%%
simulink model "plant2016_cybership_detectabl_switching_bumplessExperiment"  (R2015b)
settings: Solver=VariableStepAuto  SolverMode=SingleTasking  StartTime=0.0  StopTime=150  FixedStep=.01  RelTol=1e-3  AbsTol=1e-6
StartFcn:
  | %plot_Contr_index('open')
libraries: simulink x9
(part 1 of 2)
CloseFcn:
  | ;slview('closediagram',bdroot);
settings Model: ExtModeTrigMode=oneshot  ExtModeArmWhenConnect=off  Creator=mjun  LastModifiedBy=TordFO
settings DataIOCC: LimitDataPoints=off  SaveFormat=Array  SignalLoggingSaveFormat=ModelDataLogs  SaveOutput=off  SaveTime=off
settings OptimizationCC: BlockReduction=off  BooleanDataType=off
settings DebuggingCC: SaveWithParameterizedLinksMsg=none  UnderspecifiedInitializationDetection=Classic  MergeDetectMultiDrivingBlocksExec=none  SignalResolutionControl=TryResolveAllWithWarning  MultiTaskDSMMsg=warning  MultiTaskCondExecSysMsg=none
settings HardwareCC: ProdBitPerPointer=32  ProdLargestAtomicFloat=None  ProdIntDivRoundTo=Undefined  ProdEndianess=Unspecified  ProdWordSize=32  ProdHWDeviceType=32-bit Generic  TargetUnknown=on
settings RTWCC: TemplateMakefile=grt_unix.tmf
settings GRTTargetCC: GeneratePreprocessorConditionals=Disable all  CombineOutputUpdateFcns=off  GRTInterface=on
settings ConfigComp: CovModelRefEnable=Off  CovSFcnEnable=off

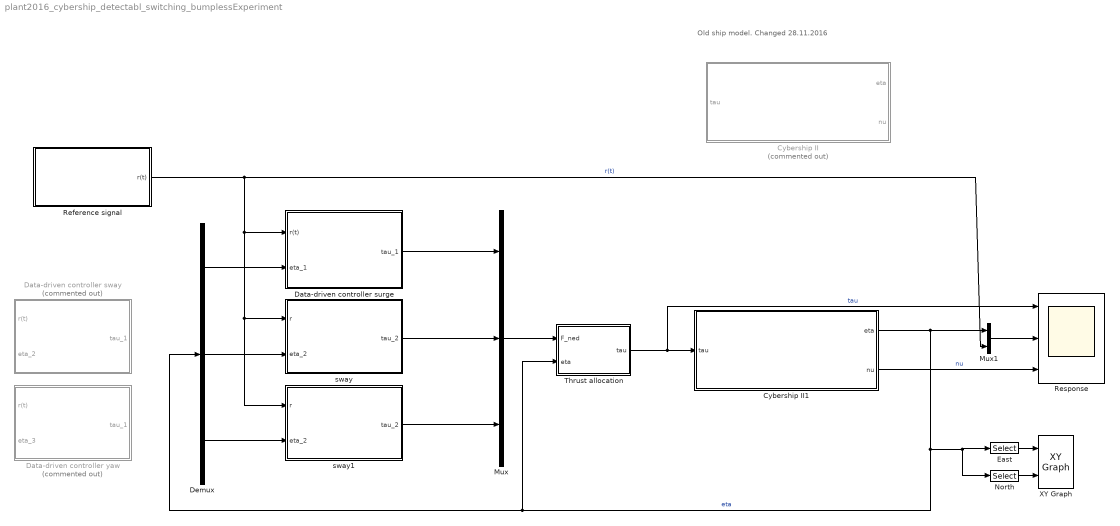
== system plant2016_cybership_detectabl_switching_bumplessExperiment ==
  note: Old ship model. Changed 28.11.2016
  Cybership II : Subsystem  Commented=on  mask{eta_0=[1;2;20*pi/180], nu_0=[0;0;0], first_order_waves_on_off=off, wind_on_off=off, surge_only=off}
      mask prompts: eta_0 "Position initial state"; nu_0 "Velocity initial state"; first_order_waves_on_off "First order wave disturbances"; wind_on_off "Wind loads"; surge_only "Only surge"
      mask Display: image('CybershipIII.jpg')
  Cybership II1 : Subsystem  mask{eta_0=[0;0;0], nu_0=[0;0;0], surge_only=off, first_order_waves_on_off=off, wind_on_off=on, rand_wind=off, wind_dir=180+45}
      mask prompts: eta_0 "Position initial state"; nu_0 "Velocity initial state"; surge_only "Only surge"; first_order_waves_on_off "First order wave disturbances"; wind_on_off "Wind loads"; rand_wind "Random wind direction"
      mask DialogControl Container9 Prompt: Forces
      mask DialogControl Control2 Prompt: Wind Direction [0,360):
      mask Display: image('CybershipIII.jpg')
  Data-driven controller surge : Subsystem
  Data-driven controller sway : Subsystem  Commented=on
  Data-driven controller yaw : Subsystem  Commented=on
  Demux : Demux  Outputs=3
  East : Selector  InputPortWidth=3  IndexOptions=Index vector (dialog)  Indices=[2]  OutputSizes=1
  Mux : Mux  Inputs=3
  Mux1 : Mux  Inputs=2
  North : Selector  InputPortWidth=3  IndexOptions=Index vector (dialog)  Indices=[1]  OutputSizes=1
  Reference signal : Subsystem
  Response : Scope  NumInputPorts=3
  Thrust allocation : Subsystem  mask(Thrust allocation block){surge_control_on_off=on, sway_control_on_off=on, yaw_control_on_off=on}
      mask prompts: surge_control_on_off "Surge Thrust on"; sway_control_on_off "Sway Thrust on"; yaw_control_on_off "Yaw Thrust on"
      mask help: Thrust allocation block. The block rotates the NED-force vector to the body frame where the ship is actuated in pure surge, sway and yaw. Any of the thrust direction can be enabeled/disabeled, but note that reference tracking is only possible for both surge and sway thrust enabeled.
  XY Graph : simulink/Sinks/XY Graph  xmin=-1  xmax=1  ymin=-1  ymax=1  st=-1
  sway : Subsystem  mask{sway_Kp=2, sway_Ki=0.1, sway_Kd=10}
      mask prompts: sway_Kp "Kp"; sway_Ki "Ki"; sway_Kd "Kd"
  sway1 : Subsystem  mask{yaw_Kp=2, yaw_Ki=0.3, yaw_Kd=2}
      mask prompts: yaw_Kp "Kp"; yaw_Ki "Ki"; yaw_Kd "Kd"
  wires:
  Reference signal/1(r(t)) -> Mux1/2, sway1/1(r), sway/1(r), Data-driven controller surge/1(r(t))  "r(t)"
  Cybership II1/2(nu) -> Response/3  "nu"
  Demux/3 -> sway1/2(eta_2)
  Demux/1 -> Data-driven controller surge/2(eta_1)
  Mux1/1 -> Response/2
  North/1 -> XY Graph/2
  East/1 -> XY Graph/1
  Demux/2 -> sway/2(eta_2)
  Cybership II1/1(eta) -> Mux1/1, North/1, East/1, Thrust allocation/2(eta), Demux/1  "eta"
  Data-driven controller surge/1(tau_1) -> Mux/1
  Thrust allocation/1(tau) -> Cybership II1/1(tau), Response/1  "tau"
  Mux/1 -> Thrust allocation/1(F_ned)
  sway/1(tau_2) -> Mux/2
  sway1/1(tau_2) -> Mux/3

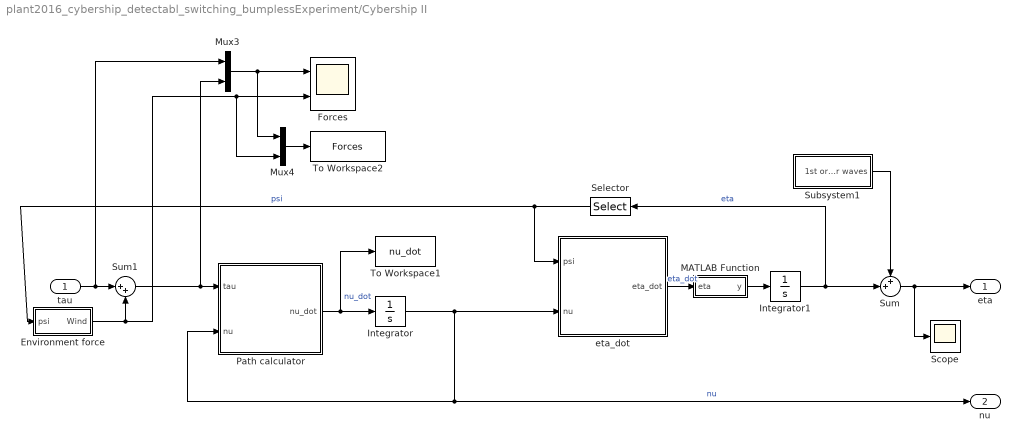
== system plant2016_cybership_detectabl_switching_bumplessExperiment/Cybership II ==
  tau : Inport
  Environment force : Subsystem
  Forces : Scope  NumInputPorts=2
  Integrator : Integrator  InitialCondition=nu_0
  Integrator1 : Integrator  InitialCondition=eta_0
  MATLAB Function : MATLAB Function  TreatAsAtomicUnit=on
  Mux3 : Mux  Inputs=2
  Mux4 : Mux  Inputs=2
  Path calculator : MATLAB Function  TreatAsAtomicUnit=on
  Scope : Scope
  Selector : Selector  InputPortWidth=3  IndexOptions=Index vector (dialog)  Indices=3  OutputSizes=1
  Subsystem1 : Subsystem
  Sum : Sum  Inputs=++|
  Sum1 : Sum  Inputs=|++
  To Workspace1 : ToWorkspace  VariableName=nu_dot  SaveFormat=Timeseries  SampleTime=-1
  To Workspace2 : ToWorkspace  VariableName=Forces  SaveFormat=Timeseries  SampleTime=-1
  eta_dot : MATLAB Function  TreatAsAtomicUnit=on
  eta : Outport
  nu : Outport  Port=2
  wires:
  Sum1/1 -> Mux3/2, Path calculator/1(tau)
  eta_dot/1(eta_dot) -> MATLAB Function/1(eta)  "eta_dot"
  Path calculator/1(nu_dot) -> To Workspace1/1, Integrator/1  "nu_dot"
  Integrator1/1 -> Sum/2, Selector/1  "eta"
  Integrator/1 -> nu/1, Path calculator/2(nu), eta_dot/2(nu)  "nu"
  Selector/1 -> eta_dot/1(psi), Environment force/1(psi)  "psi"
  MATLAB Function/1(y) -> Integrator1/1
  Sum/1 -> Scope/1, eta/1
  Subsystem1/1(1st order waves) -> Sum/1
  tau/1 -> Mux3/1, Sum1/1
  Environment force/1(Wind) -> Mux4/2, Forces/2, Sum1/2
  Mux3/1 -> Mux4/1, Forces/1
  Mux4/1 -> To Workspace2/1

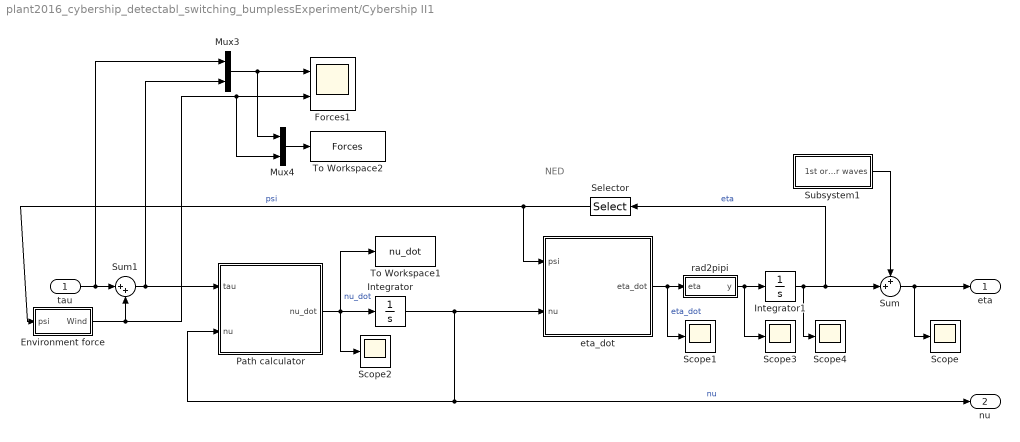
== system plant2016_cybership_detectabl_switching_bumplessExperiment/Cybership II1 ==
  note: NED
  tau : Inport
  Environment force : Subsystem
  Forces1 : Scope  NumInputPorts=2
  Integrator : Integrator  InitialCondition=nu_0
  Integrator1 : Integrator  InitialCondition=eta_0
  Mux3 : Mux  Inputs=2
  Mux4 : Mux  Inputs=2
  Path calculator : MATLAB Function  TreatAsAtomicUnit=on
  Scope{,1..4} (5 alike) : Scope
  Selector : Selector  InputPortWidth=3  IndexOptions=Index vector (dialog)  Indices=3  OutputSizes=1
  Subsystem1 : Subsystem
  Sum : Sum  Inputs=++|
  Sum1 : Sum  Inputs=|++
  To Workspace1 : ToWorkspace  VariableName=nu_dot  SaveFormat=Timeseries  SampleTime=-1
  To Workspace2 : ToWorkspace  VariableName=Forces  SaveFormat=Timeseries  SampleTime=-1
  eta_dot : MATLAB Function  TreatAsAtomicUnit=on
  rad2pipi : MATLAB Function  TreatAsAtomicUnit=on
%%
# What to do
Throughout the material above, find every line holding "Demux" and copy it.

# Exercise output
  Demux : Demux  Outputs=3
  Demux/3 -> sway1/2(eta_2)
  Demux/1 -> Data-driven controller surge/2(eta_1)
  Demux/2 -> sway/2(eta_2)
  Cybership II1/1(eta) -> Mux1/1, North/1, East/1, Thrust allocation/2(eta), Demux/1  "eta"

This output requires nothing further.